Looking at both of these sources we can see that violence is used as an tool of oppression,
aimed specifically towards women. Violence is used either as a method of ingraining desired
stereotypically male characteristics, or as a direct method of oppressing and harming women. It's
easy to understand why a patriarchal society would use violence in its initiation rites when it can

be used as a method of cementing the social status of men within the society and solidifying the
gender role of men within that specific social group.
The reason for the inclusion of violence in initiation rites is twofold. The first is the social
and biologically based attachment that violence leads to, based on the increased desire for
attachment that an emotionally isolated initiate seeks out when confronted by violence. The
second is the use of violence as a weapon of oppression and social cultivation targeting women
and men respectively. Taken together, the use of violence in initiation rituals indicates a broad
desire in the communities to encourage the assimilation of young men into the overarching
patriarchal culture and, in some cases, to brutalize women in a reinforcement of this established
set of norms. The examples, when taken collectively, make it clear that the use of violence in
initiation rituals is a typical feature because it reinforces male behavior, encourages the adoption
of a larger, established patriarchal mindset, and offers an opportunity to demonstrate misogyny
within a socially accepted framework.

Bibliography

1) Bloch, M. (1992) Prey into Hunter, Chap. 2 Initiation. Cambridge: Cambridge University
Press, pp. 8-23. Shelfmark: BL570 Blo.
2) Virgil, James (1996) Street Baptism: Chicano Gang Initiation. Human Organization: Summer
1996, Vol. 55, No. 2, pp. 149-153.
3) Pearlman, Johnathan. Australian navy recruits 'forced to rape each other' during initiation
rituals, edited by Chris Evans, The Telegraph, June 2016,

www.telegraph.co.uk/news/2016/06/21/australian-navy-recruits-forced-to-rape-each-otherduring-initia/. Accessed 31 Oct. 2016.

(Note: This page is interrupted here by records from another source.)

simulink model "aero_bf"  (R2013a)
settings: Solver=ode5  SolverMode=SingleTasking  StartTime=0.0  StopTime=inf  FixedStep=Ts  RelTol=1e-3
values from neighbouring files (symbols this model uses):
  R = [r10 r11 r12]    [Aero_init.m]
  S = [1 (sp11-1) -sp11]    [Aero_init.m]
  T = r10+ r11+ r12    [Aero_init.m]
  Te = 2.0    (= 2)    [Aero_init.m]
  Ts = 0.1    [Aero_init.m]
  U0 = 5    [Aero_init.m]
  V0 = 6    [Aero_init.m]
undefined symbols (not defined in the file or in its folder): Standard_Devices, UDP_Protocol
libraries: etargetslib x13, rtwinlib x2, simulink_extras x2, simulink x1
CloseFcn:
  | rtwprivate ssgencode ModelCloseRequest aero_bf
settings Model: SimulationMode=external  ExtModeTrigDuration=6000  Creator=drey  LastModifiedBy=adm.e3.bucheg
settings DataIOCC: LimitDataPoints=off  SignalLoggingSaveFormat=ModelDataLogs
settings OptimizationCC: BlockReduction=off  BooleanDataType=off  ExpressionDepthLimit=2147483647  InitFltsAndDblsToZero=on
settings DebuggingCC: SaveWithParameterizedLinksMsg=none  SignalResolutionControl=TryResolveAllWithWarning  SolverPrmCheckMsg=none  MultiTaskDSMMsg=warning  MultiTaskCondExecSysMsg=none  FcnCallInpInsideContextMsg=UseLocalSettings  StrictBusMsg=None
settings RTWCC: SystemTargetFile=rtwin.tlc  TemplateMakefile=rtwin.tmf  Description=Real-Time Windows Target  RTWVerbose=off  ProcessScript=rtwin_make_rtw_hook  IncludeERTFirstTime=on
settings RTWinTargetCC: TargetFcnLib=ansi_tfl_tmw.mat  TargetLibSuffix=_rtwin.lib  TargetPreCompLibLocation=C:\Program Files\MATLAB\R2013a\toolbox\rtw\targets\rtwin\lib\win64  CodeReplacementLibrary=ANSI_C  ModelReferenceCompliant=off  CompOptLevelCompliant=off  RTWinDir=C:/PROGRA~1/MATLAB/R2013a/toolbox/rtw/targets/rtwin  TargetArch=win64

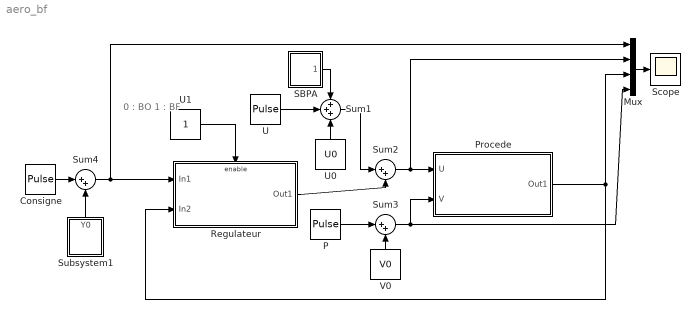
== system aero_bf ==
  note: 0 : BO
      | 1 : BF
  Consigne : DiscretePulseGenerator  PulseType=Time based  Amplitude=0.5  Period=200  PulseWidth=50  PhaseDelay=100
  Mux : Mux
  P : DiscretePulseGenerator  PulseType=Time based  Amplitude=0  Period=200  PulseWidth=50  PhaseDelay=100
  Procede : Subsystem
      mask Display: disp('Procede')
  Regulateur : Subsystem  TreatAsAtomicUnit=on
      mask Display: disp('Regulateur')
  SBPA : Subsystem  mask(Configuration d'une SBPA){Nfr=4, Ifr=[1 0 1 0], Nsr=3, Isr=[1 0 1], A=0, Te=2*Te}
      mask prompts: Nfr "The first register length"; Ifr "Initialisation of the first reg"; Nsr "The second register length"; Isr "Initialisation of the sec reg"; A "Amplitude"; Te "Sample Time"
      mask help:
      | Note Importante:
      | Le choix du degré du registre principal et du sample time est déterminé par le temps de montée du procédé. La relation a respecter est :
      |                                         tm >= L * Ts
      | L = nbr de zéros dans les denom et num du registre
      | Ts = Sample Time
      | Pour plus de renseignements voir l'aide
      mask Help:
      | Cette SBPA est construite à l'aide de bloc discret en Z représentant des registres binaires.
      | L'aspect aléatoire des valeurs est obtenu par un modulo 2 entre certains bits de ce registre.
      | Il s'agit donc ici de déterminer la taille de ces registres qui correspondent en fait aux degrés des blocs discrets.
      | Exemple de configuration suivant les champs
      | 1)=: [1 0 0 0]                   //
      | 2)=: [0 0 0 1]                   // Reg modulo = 1/Z^3
      | 3)=: [1 0 1]                      // Init du reg
      | 4)=: [1 0 1 0 1 0 1 0]     // Init du reg principal
      | 5)=: [1 0 0 0 0 0 0]        //
      | 6)=: [0 0 0 0 0 0 1]        // Reg principal = 1/Z^6
      mask Display: disp('Sbpa')
  Scope : Scope
      settings: TimeRange=600  YMin=3.5  YMax=6.5  SaveName=X  MaxDataPoints=80000
  Subsystem1 : Subsystem
      mask Display: disp('Y0')
  Sum1 : Sum  Inputs=+++  SaturateOnIntegerOverflow=on  InputSameDT=on  OutDataTypeStr=Inherit: Same as first input
  Sum2 : Sum  Inputs=|++  SaturateOnIntegerOverflow=on  InputSameDT=on  OutDataTypeStr=Inherit: Same as first input
  Sum3 : Sum  Inputs=|++  SaturateOnIntegerOverflow=on  InputSameDT=on  OutDataTypeStr=Inherit: Same as first input
  Sum4 : Sum  Inputs=|++  SaturateOnIntegerOverflow=on  InputSameDT=on  OutDataTypeStr=Inherit: Same as first input
  U : DiscretePulseGenerator  PulseType=Time based  Amplitude=0  Period=200  PulseWidth=50  PhaseDelay=20
  U0 : Constant  Value=U0
  U1 : Constant
  V0 : Constant  Value=V0
  wires:
  Regulateur/1(Out1) -> Sum2/2
  Sum2/1 -> Procede/1(U), Mux/2
  Sum1/1 -> Sum2/1
  Mux/1 -> Scope/1
  P/1 -> Sum3/1
  V0/1 -> Sum3/2
  Sum3/1 -> Mux/4, Procede/2(V)
  Procede/1(Out1) -> Mux/3, Regulateur/2(In2)
  Sum4/1 -> Mux/1, Regulateur/1(In1)
  Consigne/1 -> Sum4/1
  Subsystem1/1(Y0) -> Sum4/2
  U1/1 -> Regulateur/Enable
  U/1 -> Sum1/2
  U0/1 -> Sum1/3
  SBPA/1(Out1) -> Sum1/1

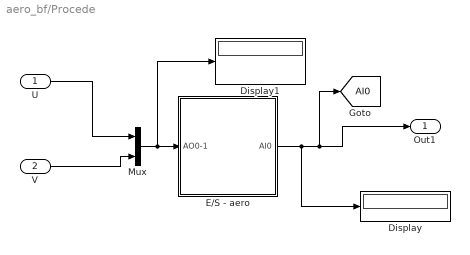
== system aero_bf/Procede ==
  U : Inport
  V : Inport  Port=2
  Display : Display
  Display1 : Display
  E/S - aero : Subsystem
  Mux : Mux  Inputs=2
  Out1 : Outport
  tag scope: AI0=global
  wires:
  Mux/1 -> Display1/1, E/S - aero/1("AO0-1 ")
  U/1 -> Mux/1
  V/1 -> Mux/2
  E/S - aero/1(AI0) -> Display/1, [AI0], Out1/1

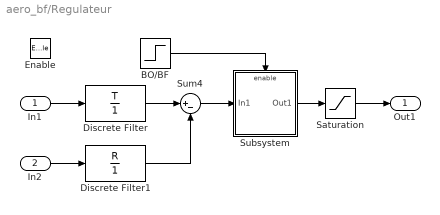
== system aero_bf/Regulateur ==
  In1 : Inport
  In2 : Inport  Port=2
  Enable : EnablePort
  BO/BF : Step  Time=10  SampleTime=Ts
  Discrete Filter : DiscreteFilter  Numerator=T  Denominator=1  SampleTime=Te
  Discrete Filter1 : DiscreteFilter  Numerator=R  Denominator=1  SampleTime=Te
  Saturation : Saturate  UpperLimit=10-U0  LowerLimit=0-U0
  Subsystem : Subsystem  TreatAsAtomicUnit=on
      mask Display: disp('1/S(z)')
  Sum4 : Sum  Inputs=|+-  SaturateOnIntegerOverflow=on  InputSameDT=on  OutDataTypeStr=Inherit: Same as first input
  Out1 : Outport
  wires:
  Sum4/1 -> Subsystem/1(In1)
  Discrete Filter/1 -> Sum4/1
  In1/1 -> Discrete Filter/1
  Subsystem/1(Out1) -> Saturation/1
  Saturation/1 -> Out1/1
  In2/1 -> Discrete Filter1/1
  Discrete Filter1/1 -> Sum4/2
  BO/BF/1 -> Subsystem/Enable

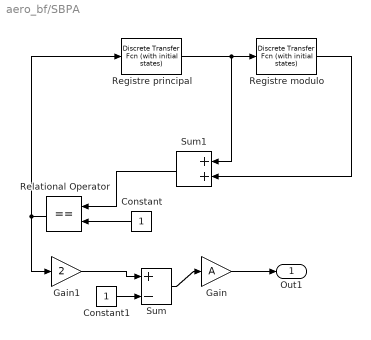
== system aero_bf/SBPA ==
  Constant : Constant
  Constant1 : Constant
  Gain : Gain  Gain=A  SaturateOnIntegerOverflow=on  OutDataTypeStr=Inherit: Same as input  ParamDataTypeStr=Inherit: Same as input
  Gain1 : Gain  Gain=2  SaturateOnIntegerOverflow=on  OutDataTypeStr=Inherit: Same as input  ParamDataTypeStr=Inherit: Same as input
  Registre modulo : simulink_extras/Additional Discrete/Discrete Transfer Fcn (with initial states)  N=[zeros(1,Nsr) 1]  D=[1 zeros(1,Nsr)]  X0=Isr  TS=Te
  Registre principal : simulink_extras/Additional Discrete/Discrete Transfer Fcn (with initial states)  N=[zeros(1,Nfr) 1]  D=[1 zeros(1,Nfr)]  X0=Ifr  TS=Te
  Relational Operator : RelationalOperator  Operator===  InputSameDT=on
  Sum : Sum  Inputs=|+-  SaturateOnIntegerOverflow=on  InputSameDT=on  OutDataTypeStr=Inherit: Same as first input
  Sum1 : Sum  SaturateOnIntegerOverflow=on  InputSameDT=on  OutDataTypeStr=Inherit: Same as first input
  Out1 : Outport
  wires:
  Sum1/1 -> Relational Operator/1
  Registre modulo/1 -> Sum1/2
  Constant/1 -> Relational Operator/2
  Registre principal/1 -> Sum1/1, Registre modulo/1
  Relational Operator/1 -> Registre principal/1, Gain1/1
  Gain1/1 -> Sum/1
  Constant1/1 -> Sum/2
  Sum/1 -> Gain/1
  Gain/1 -> Out1/1

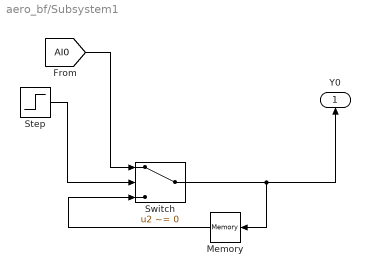
== system aero_bf/Subsystem1 ==
  Memory : Memory
  Step : Step  Before=1  After=0  SampleTime=Ts
  Switch : Switch  Criteria=u2 ~= 0
  Y0 : Outport
  wires:
  [AI0] -> Switch/1
  Switch/1 -> Memory/1, Y0/1
  Memory/1 -> Switch/3
  Step/1 -> Switch/2

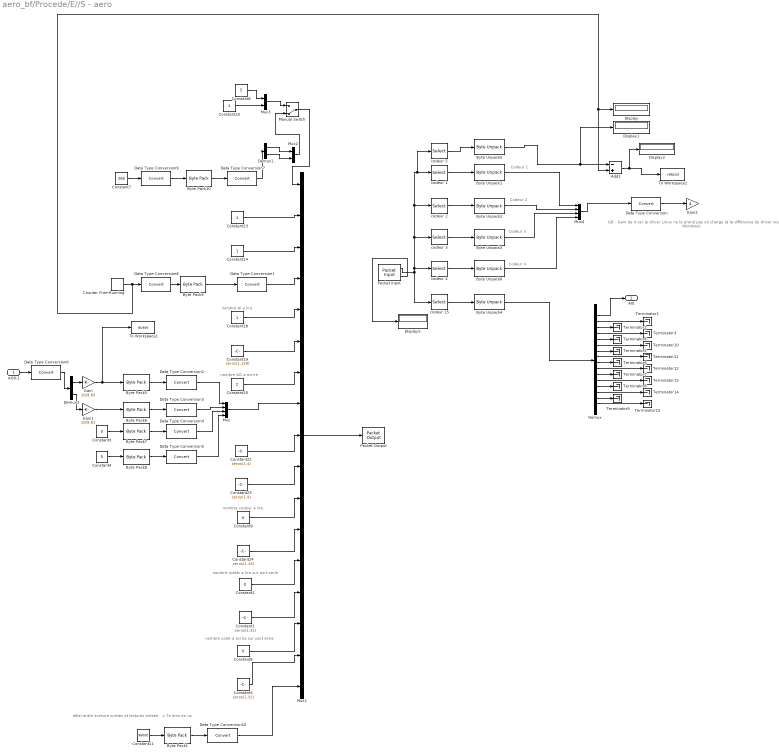
== system aero_bf/Procede/E//S - aero ==
  note: delai entre ecriture sorties et lectures entrée : = Ts-4ms en us
  note: Codeur 4
  note: Codeur 3
  note: Codeur 2
  note: Codeur 1
  note: GB : Gain de 4 car le driver Linux
      |  ne le prend pas en charge
      | (à la différence du driver sous Windows)
  note: nombre AO a ecrire
  note: nombre AI a lire
  note: nombre codeur a lire
  note: nombre octets a lire sur port serie
  note: nombre octet a ecrire sur port serie
  "AO0-1 " : Inport
  Add1 : Sum  Inputs=-+
  Byte Pack1 : etargetslib/Byte Pack  datatypes={'uint32'}  byteAlign=1
  Byte Pack10 : etargetslib/Byte Pack  datatypes={'int16'}  byteAlign=1
  Byte Pack{5..8} (4 alike) : etargetslib/Byte Pack  datatypes={'double'}  byteAlign=1
  Byte Pack9 : etargetslib/Byte Pack  datatypes={'uint32'}  byteAlign=1
  Byte Unpack{1..3,6} (4 alike) : etargetslib/Byte Unpack  dimensions={[1]}  datatypes={'int32'}  byteAlign=4
  Byte Unpack4 : etargetslib/Byte Unpack  dimensions={[16]}  datatypes={'double'}  byteAlign=4
  Byte Unpack5 : etargetslib/Byte Unpack  dimensions={[1]}  datatypes={'uint32'}  byteAlign=4
  Constant1 : Constant  Value=zeros(1,32)
  Constant{10,13..14,18} (4 alike) : Constant
  Constant11 : Constant  Value=96000  OutDataTypeStr=uint32
  Constant19 : Constant  Value=zeros(1,128)
  Constant2 : Constant  Value=0
  Constant20 : Constant  Value=2  OutDataTypeStr=Inherit: Inherit via back propagation
  Constant22 : Constant  Value=zeros(1,4)
  Constant23 : Constant  Value=zeros(1,4)
  Constant24 : Constant  Value=zeros(1,16)
  Constant3 : Constant  Value=0  OutDataTypeStr=double
  Constant4 : Constant  Value=0  OutDataTypeStr=double
  Constant5 : Constant  Value=zeros(1,32)
  Constant6 : Constant  Value=0
  Constant7 : Constant  Value=265
  Constant8 : Constant  Value=5
  Constant9 : Constant  Value=0
  Counter Free-Running : simulink/Sources/Counter Free-Running  NumBits=32  tsamp=-1
  Data Type Conversion{,1..10} (11 alike) : DataTypeConversion
  Demux : Demux  Outputs=16
  Demux1 : Demux  Outputs=2
  Demux2 : Demux  Outputs=2
  Display{,1..2,5} (4 alike) : Display
  Gain : Gain  Gain=10/9.83
  Gain1 : Gain  Gain=10/9.81
  Gain2 : Gain  Gain=4
  Manual Switch : ManualSwitch  CurrentSetting=0
  Mux : Mux
  Mux1 : Mux  Inputs=17
  Mux2 : Mux  Inputs=2
  Mux3 : Mux  Inputs=2
  Mux4 : Mux
  Packet Input : rtwinlib/Packet Input  SampleTime=Ts  MaxMissedTicks=10  ShowMissedTicks=on  YieldWhenWaiting=off  DrvName=Standard_Devices/UDP_Protocol  DrvAddress=9930  DrvOptions=[3232235522 9930]  PacketSize=265  DataTypes='265*uint8'  ShowReady=off  ShowError=off  PacketID=1  ByteOrder=1  ShowTimestamp=off
      settings: AttributesFormatString=Standard Devices\nUDP Protocol [26CAh]
  Packet Output : rtwinlib/Packet Output  SampleTime=Ts  MaxMissedTicks=10  ShowMissedTicks=off  YieldWhenWaiting=off  DrvName=Standard_Devices/UDP_Protocol  DrvAddress=9930  DrvOptions=[3232235522 9930]  PacketSize=265  DataTypes='265*uint8'  ShowReady=off  ShowError=off  PacketID=1  ByteOrder=1  InitialValue=[]  FinalValue=[]
      settings: AttributesFormatString=Standard Devices\nUDP Protocol [26CAh]
  Terminator{1..15} (15 alike) : Terminator
  To Workspace1 : ToWorkspace  VariableName=aoser  SampleTime=-1  SaveFormat=Structure With Time
  To Workspace2 : ToWorkspace  VariableName=retard  SampleTime=-1  SaveFormat=Structure With Time
  codeur 1 : Selector  InputPortWidth=265  IndexOptions=Index vector (dialog)  Indices=[180 181 182 183]  OutputSizes=1
  codeur 15 : Selector  InputPortWidth=265  IndexOptions=Index vector (dialog)  Indices=[10:137]  OutputSizes=1
  codeur 2 : Selector  InputPortWidth=265  IndexOptions=Index vector (dialog)  Indices=[184 185 186 187]  OutputSizes=1
  codeur 3 : Selector  InputPortWidth=265  IndexOptions=Index vector (dialog)  Indices=[188 189 190 191]  OutputSizes=1
  codeur 4 : Selector  InputPortWidth=265  IndexOptions=Index vector (dialog)  Indices=[192 193 194 195]  OutputSizes=1
  codeur 5 : Selector  InputPortWidth=265  IndexOptions=Index vector (dialog)  Indices=[5 6 7 8]  OutputSizes=1
  AI0 : Outport
  wires:
  Constant13/1 -> Mux1/2
  Constant14/1 -> Mux1/3
  Constant18/1 -> Mux1/5
  Constant19/1 -> Mux1/6
  Constant20/1 -> Mux1/7
  Mux/1 -> Mux1/8
  Constant22/1 -> Mux1/9
  Constant23/1 -> Mux1/10
  Constant9/1 -> Mux1/11
  Constant24/1 -> Mux1/12
  Mux1/1 -> Packet Output/1
  Data Type Conversion5/1 -> Mux/4
  Data Type Conversion4/1 -> Mux/3
  Constant3/1 -> Byte Pack7/1
  Constant4/1 -> Byte Pack8/1
  Data Type Conversion1/1 -> Mux1/4
  Byte Pack8/1 -> Data Type Conversion5/1
  Byte Pack7/1 -> Data Type Conversion4/1
  Data Type Conversion2/1 -> Mux/1
  Byte Pack5/1 -> Data Type Conversion2/1
  Data Type Conversion3/1 -> Mux/2
  Byte Pack6/1 -> Data Type Conversion3/1
  codeur 15/1 -> Byte Unpack4/1
  Constant1/1 -> Mux1/14
  Constant2/1 -> Mux1/13
  Constant6/1 -> Mux1/15
  Constant7/1 -> Data Type Conversion9/1
  Byte Pack10/1 -> Data Type Conversion7/1
  Packet Input/1 -> codeur 15/1, codeur 5/1, codeur 1/1, codeur 2/1, codeur 3/1, codeur 4/1
  Data Type Conversion7/1 -> Demux1/1
  Manual Switch/1 -> Mux1/1
  Mux3/1 -> Manual Switch/1
  Constant10/1 -> Mux3/2
  Constant8/1 -> Mux3/1
  Mux4/1 -> Data Type Conversion/1
  "AO0-1 "/1 -> Data Type Conversion6/1
  Constant5/1 -> Mux1/16
  Data Type Conversion/1 -> Gain2/1
  Data Type Conversion6/1 -> Demux2/1
  Data Type Conversion8/1 -> Byte Pack9/1
  Demux2/2 -> Gain1/1
  Demux2/1 -> Gain/1
  Gain/1 -> To Workspace1/1, Byte Pack5/1
  Gain1/1 -> Byte Pack6/1
  Mux2/1 -> Manual Switch/2
  Data Type Conversion9/1 -> Byte Pack10/1
  codeur 1/1 -> Byte Unpack1/1
  Byte Unpack1/1 -> Mux4/1
  codeur 2/1 -> Byte Unpack2/1
  codeur 3/1 -> Byte Unpack3/1
  codeur 4/1 -> Byte Unpack6/1
  Byte Unpack6/1 -> Mux4/4
  Byte Unpack3/1 -> Mux4/3
  Byte Unpack2/1 -> Mux4/2
  Byte Unpack4/1 -> Demux/1
  Demux/2 -> Terminator1/1
  Demux/3 -> Terminator2/1
  Demux/4 -> Terminator3/1
  Demux/8 -> Terminator11/1
  Demux/6 -> Terminator10/1
  Demux/5 -> Terminator4/1
  Demux/9 -> Terminator6/1
  Demux/7 -> Terminator5/1
  Demux/10 -> Terminator12/1
  Demux/11 -> Terminator7/1
  Demux/13 -> Terminator8/1
  Demux/15 -> Terminator9/1
  Demux/12 -> Terminator13/1
  Demux/14 -> Terminator14/1
  Demux/16 -> Terminator15/1
  codeur 5/1 -> Byte Unpack5/1
  Byte Unpack5/1 -> Display1/1, Add1/1
  Byte Pack9/1 -> Data Type Conversion1/1
  Counter Free-Running/1 -> Add1/2, Display/1, Data Type Conversion8/1
  Constant11/1 -> Byte Pack1/1
  Byte Pack1/1 -> Data Type Conversion10/1
  Data Type Conversion10/1 -> Mux1/17
  Add1/1 -> Display2/1, To Workspace2/1
  Packet Input/2 -> Display5/1
  Demux1/2 -> Mux2/2
  Demux1/1 -> Mux2/1
  Demux/1 -> AI0/1

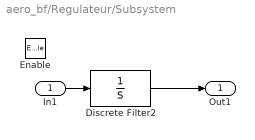
== system aero_bf/Regulateur/Subsystem ==
  In1 : Inport
  Enable : EnablePort
  Discrete Filter2 : DiscreteFilter  Numerator=1  Denominator=S  SampleTime=Te
  Out1 : Outport
  wires:
  In1/1 -> Discrete Filter2/1
  Discrete Filter2/1 -> Out1/1
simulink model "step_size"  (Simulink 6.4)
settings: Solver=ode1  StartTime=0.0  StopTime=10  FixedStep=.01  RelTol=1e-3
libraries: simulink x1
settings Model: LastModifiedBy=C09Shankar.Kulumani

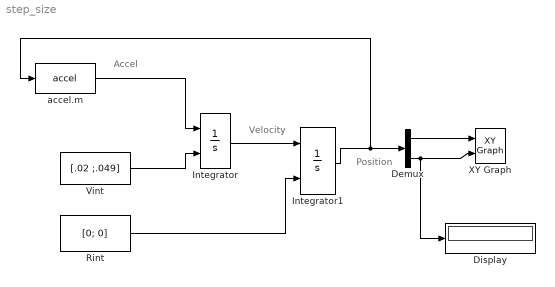
== system step_size ==
  note: Accel
  note: Velocity
  note: Position
  Demux : Demux  Outputs=2
  Display : Display
      settings: Format=short_e
  Integrator : Integrator  InitialConditionSource=external
  Integrator1 : Integrator  InitialConditionSource=external
  Rint : Constant  Value=[0; 0]  VectorParams1D=off  OutDataType=sfix(16)  ConRadixGroup=Use specified scaling  OutScaling=2^0  SampleTime=inf  FramePeriod=inf
  Vint : Constant  Value=[.02 ;.049]  VectorParams1D=off  OutDataType=sfix(16)  ConRadixGroup=Use specified scaling  OutScaling=2^0  SampleTime=inf  FramePeriod=inf
  XY Graph : simulink/Sinks/XY Graph  SystemSampleTime=-1  xmin=0  xmax=.2  ymin=0  ymax=.2  st=-1
  accel.m : MATLABFcn  MATLABFcn=accel  Output1D=off
  wires:
  accel.m/1 -> Integrator/1
  Vint/1 -> Integrator/2
  Rint/1 -> Integrator1/2
  Integrator/1 -> Integrator1/1
  Integrator1/1 -> Demux/1, accel.m/1
  Demux/2 -> Display/1, XY Graph/2
  Demux/1 -> XY Graph/1

4) Van Gennep, A. (1960) The Rites of Passage, Chap. 6, Initiation Rites. Chicago: University of
Chicago Press, pp. 65-115. Shelfmark: GN473 Gen.
5) Van der Kolk, Bessel A. "The compulsion to repeat the trauma." Psychiatric Clinics of North
America 12.2 (1989): 389-411.
6) Whitehouse, H. (1996) Rites of Terror: Emotion, Metaphor and Memory in Melanesian
Initiation Cults. Journal of the Royal Anthropological Institute, Vol. 2, No. 4, pp. 703-715.